======== INPUT DATA ========
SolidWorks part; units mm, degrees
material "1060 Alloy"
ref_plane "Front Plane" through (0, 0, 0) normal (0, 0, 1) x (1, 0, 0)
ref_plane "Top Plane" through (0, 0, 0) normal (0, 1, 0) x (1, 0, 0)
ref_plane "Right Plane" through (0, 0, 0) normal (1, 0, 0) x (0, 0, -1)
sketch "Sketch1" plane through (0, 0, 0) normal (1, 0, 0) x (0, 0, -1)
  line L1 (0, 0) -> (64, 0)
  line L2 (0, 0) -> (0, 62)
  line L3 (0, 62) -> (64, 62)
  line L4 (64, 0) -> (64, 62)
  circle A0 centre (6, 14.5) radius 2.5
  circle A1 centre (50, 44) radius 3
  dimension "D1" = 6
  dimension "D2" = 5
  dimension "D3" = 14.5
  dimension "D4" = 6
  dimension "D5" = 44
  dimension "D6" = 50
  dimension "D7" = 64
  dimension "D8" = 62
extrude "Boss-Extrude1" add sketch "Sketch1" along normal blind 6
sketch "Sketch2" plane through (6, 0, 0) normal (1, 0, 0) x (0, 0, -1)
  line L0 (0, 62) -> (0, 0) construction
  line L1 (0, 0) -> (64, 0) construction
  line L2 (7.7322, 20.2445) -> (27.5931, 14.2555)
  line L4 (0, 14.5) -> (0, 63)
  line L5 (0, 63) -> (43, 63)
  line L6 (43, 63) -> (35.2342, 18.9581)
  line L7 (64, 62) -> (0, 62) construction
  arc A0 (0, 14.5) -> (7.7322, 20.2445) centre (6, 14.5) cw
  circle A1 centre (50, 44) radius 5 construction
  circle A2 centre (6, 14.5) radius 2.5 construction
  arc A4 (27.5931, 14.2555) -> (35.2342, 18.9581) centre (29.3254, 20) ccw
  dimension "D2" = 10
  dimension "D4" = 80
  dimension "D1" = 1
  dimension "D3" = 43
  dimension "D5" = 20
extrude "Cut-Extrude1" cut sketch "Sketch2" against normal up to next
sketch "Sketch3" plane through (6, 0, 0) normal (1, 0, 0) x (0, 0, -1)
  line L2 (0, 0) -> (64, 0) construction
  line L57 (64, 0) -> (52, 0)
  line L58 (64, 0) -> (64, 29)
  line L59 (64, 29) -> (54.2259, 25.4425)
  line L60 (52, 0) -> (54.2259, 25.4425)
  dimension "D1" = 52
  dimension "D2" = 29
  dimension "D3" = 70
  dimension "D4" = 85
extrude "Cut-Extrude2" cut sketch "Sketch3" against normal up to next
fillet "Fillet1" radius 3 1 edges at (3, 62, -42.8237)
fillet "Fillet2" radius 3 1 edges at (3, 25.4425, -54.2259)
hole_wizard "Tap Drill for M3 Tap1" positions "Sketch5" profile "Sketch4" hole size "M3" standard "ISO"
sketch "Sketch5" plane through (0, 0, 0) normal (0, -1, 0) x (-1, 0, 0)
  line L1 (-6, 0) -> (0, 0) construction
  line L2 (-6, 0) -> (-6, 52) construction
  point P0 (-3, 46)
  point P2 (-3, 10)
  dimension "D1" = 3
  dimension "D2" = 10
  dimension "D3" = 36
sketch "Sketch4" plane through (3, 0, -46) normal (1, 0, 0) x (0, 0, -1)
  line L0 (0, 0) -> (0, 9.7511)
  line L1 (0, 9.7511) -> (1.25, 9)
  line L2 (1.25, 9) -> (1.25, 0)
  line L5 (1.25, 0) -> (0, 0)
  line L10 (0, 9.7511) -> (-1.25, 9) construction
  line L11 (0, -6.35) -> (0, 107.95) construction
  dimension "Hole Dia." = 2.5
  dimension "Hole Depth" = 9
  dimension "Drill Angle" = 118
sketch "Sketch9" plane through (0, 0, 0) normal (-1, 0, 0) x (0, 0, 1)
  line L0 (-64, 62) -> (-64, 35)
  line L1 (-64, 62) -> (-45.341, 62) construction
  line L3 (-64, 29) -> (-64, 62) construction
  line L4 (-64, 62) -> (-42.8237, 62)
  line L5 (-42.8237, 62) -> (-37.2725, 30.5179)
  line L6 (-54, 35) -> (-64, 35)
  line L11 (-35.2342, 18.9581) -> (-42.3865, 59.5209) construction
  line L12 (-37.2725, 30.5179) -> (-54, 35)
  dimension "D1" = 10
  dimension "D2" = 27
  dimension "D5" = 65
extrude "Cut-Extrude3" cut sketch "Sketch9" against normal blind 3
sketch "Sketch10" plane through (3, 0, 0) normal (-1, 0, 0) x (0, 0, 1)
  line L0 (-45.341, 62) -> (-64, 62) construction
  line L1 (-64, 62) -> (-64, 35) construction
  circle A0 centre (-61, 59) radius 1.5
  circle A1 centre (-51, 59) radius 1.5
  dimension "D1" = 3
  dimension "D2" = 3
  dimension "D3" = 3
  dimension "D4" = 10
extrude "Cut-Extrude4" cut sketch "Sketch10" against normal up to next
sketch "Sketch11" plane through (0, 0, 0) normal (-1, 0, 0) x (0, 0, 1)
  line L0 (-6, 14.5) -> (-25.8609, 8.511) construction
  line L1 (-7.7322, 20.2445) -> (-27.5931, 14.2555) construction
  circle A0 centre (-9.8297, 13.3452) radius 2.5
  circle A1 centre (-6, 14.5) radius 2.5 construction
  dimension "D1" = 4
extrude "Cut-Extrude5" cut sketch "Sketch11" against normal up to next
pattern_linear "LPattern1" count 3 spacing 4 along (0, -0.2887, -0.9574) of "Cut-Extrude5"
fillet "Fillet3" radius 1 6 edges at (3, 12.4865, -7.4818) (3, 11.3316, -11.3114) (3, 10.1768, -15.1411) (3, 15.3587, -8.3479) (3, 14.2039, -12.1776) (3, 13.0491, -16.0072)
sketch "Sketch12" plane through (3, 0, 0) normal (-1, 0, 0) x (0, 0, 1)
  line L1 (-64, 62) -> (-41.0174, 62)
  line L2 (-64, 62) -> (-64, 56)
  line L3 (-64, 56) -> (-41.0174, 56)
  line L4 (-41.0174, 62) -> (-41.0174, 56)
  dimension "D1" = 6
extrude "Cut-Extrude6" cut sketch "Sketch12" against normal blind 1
========
**WHAT YOU WILL DO**
Among the entries above, copy exactly only the lines starting with the one containing "line L3 (0, 62) -> (64, 62)" and going through the one containing "line L58 (64, 0) -> (64, 29)", both ends included.

**EXERCISE SOLUTION**
  line L3 (0, 62) -> (64, 62)
  line L4 (64, 0) -> (64, 62)
  circle A0 centre (6, 14.5) radius 2.5
  circle A1 centre (50, 44) radius 3
  dimension "D1" = 6
  dimension "D2" = 5
  dimension "D3" = 14.5
  dimension "D4" = 6
  dimension "D5" = 44
  dimension "D6" = 50
  dimension "D7" = 64
  dimension "D8" = 62
extrude "Boss-Extrude1" add sketch "Sketch1" along normal blind 6
sketch "Sketch2" plane through (6, 0, 0) normal (1, 0, 0) x (0, 0, -1)
  line L0 (0, 62) -> (0, 0) construction
  line L1 (0, 0) -> (64, 0) construction
  line L2 (7.7322, 20.2445) -> (27.5931, 14.2555)
  line L4 (0, 14.5) -> (0, 63)
  line L5 (0, 63) -> (43, 63)
  line L6 (43, 63) -> (35.2342, 18.9581)
  line L7 (64, 62) -> (0, 62) construction
  arc A0 (0, 14.5) -> (7.7322, 20.2445) centre (6, 14.5) cw
  circle A1 centre (50, 44) radius 5 construction
  circle A2 centre (6, 14.5) radius 2.5 construction
  arc A4 (27.5931, 14.2555) -> (35.2342, 18.9581) centre (29.3254, 20) ccw
  dimension "D2" = 10
  dimension "D4" = 80
  dimension "D1" = 1
  dimension "D3" = 43
  dimension "D5" = 20
extrude "Cut-Extrude1" cut sketch "Sketch2" against normal up to next
sketch "Sketch3" plane through (6, 0, 0) normal (1, 0, 0) x (0, 0, -1)
  line L2 (0, 0) -> (64, 0) construction
  line L57 (64, 0) -> (52, 0)
  line L58 (64, 0) -> (64, 29)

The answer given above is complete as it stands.